Start of PROVIDED RECORDS
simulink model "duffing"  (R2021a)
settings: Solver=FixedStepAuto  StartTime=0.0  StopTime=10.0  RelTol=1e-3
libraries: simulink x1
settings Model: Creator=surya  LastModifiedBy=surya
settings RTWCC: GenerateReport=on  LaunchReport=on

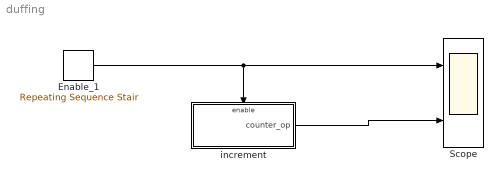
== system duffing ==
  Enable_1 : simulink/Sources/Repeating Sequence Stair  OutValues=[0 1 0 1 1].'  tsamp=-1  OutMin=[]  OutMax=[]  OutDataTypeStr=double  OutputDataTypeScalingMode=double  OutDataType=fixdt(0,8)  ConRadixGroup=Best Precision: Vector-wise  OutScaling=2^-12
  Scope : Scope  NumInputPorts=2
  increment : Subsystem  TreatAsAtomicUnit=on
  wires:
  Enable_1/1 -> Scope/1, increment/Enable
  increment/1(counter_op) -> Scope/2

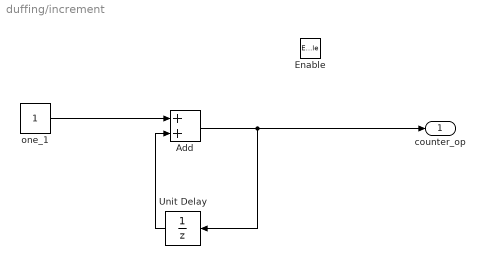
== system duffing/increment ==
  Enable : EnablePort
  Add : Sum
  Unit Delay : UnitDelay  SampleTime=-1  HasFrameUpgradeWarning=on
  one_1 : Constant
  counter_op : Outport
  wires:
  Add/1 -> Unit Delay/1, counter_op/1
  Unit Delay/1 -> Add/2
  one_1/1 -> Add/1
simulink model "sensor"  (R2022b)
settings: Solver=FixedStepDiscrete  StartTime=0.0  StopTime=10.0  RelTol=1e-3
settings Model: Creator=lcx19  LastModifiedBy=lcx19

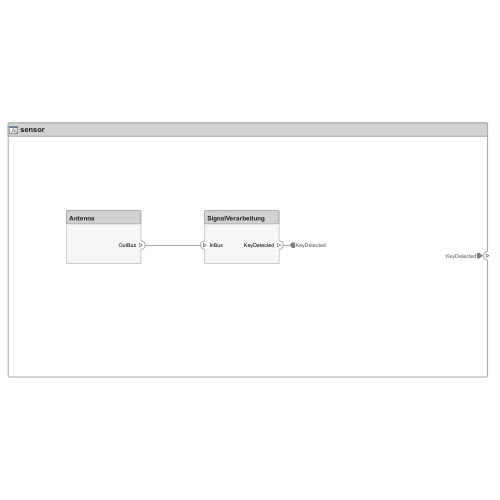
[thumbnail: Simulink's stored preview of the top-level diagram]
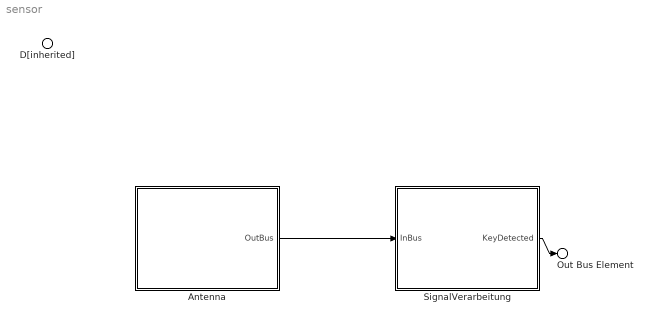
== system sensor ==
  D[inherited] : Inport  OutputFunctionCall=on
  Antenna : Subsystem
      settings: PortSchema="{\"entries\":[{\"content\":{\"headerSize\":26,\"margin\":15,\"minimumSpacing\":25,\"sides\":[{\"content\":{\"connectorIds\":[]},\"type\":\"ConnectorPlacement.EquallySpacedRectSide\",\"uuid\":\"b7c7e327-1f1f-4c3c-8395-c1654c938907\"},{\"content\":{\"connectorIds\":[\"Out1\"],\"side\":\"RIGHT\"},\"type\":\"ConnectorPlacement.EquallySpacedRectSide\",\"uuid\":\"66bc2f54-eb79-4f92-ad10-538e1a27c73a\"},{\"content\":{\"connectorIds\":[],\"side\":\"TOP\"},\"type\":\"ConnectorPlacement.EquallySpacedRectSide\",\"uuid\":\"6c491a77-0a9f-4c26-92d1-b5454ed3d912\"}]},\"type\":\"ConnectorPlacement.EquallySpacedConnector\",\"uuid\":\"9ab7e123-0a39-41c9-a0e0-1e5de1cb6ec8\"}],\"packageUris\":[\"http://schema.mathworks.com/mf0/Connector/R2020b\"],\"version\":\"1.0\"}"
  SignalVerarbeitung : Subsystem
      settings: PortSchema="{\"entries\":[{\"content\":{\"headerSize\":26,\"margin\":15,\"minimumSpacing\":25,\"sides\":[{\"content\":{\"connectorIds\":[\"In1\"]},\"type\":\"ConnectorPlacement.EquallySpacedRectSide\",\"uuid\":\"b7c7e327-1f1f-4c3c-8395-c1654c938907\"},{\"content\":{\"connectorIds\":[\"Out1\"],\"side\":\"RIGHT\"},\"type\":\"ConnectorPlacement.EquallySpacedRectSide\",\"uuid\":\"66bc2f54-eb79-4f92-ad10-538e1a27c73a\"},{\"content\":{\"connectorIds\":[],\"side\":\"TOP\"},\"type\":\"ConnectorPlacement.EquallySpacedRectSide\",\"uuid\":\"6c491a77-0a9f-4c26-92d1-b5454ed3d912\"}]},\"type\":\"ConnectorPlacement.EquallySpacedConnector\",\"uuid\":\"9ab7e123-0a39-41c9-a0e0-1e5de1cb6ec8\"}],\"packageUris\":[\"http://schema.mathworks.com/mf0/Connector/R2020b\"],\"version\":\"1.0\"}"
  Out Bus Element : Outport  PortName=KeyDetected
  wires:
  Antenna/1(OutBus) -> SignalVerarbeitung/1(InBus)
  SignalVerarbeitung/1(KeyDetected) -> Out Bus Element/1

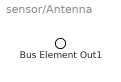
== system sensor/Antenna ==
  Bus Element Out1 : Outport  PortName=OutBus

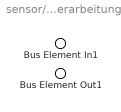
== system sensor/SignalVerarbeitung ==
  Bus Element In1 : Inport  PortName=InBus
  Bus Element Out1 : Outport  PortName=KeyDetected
End of PROVIDED RECORDS
Filter the data for the string "SignalVerarbeitung". Copy each matching line.

» **WRITTEN RESPONSE**
  SignalVerarbeitung : Subsystem
  Antenna/1(OutBus) -> SignalVerarbeitung/1(InBus)
  SignalVerarbeitung/1(KeyDetected) -> Out Bus Element/1
== system sensor/SignalVerarbeitung ==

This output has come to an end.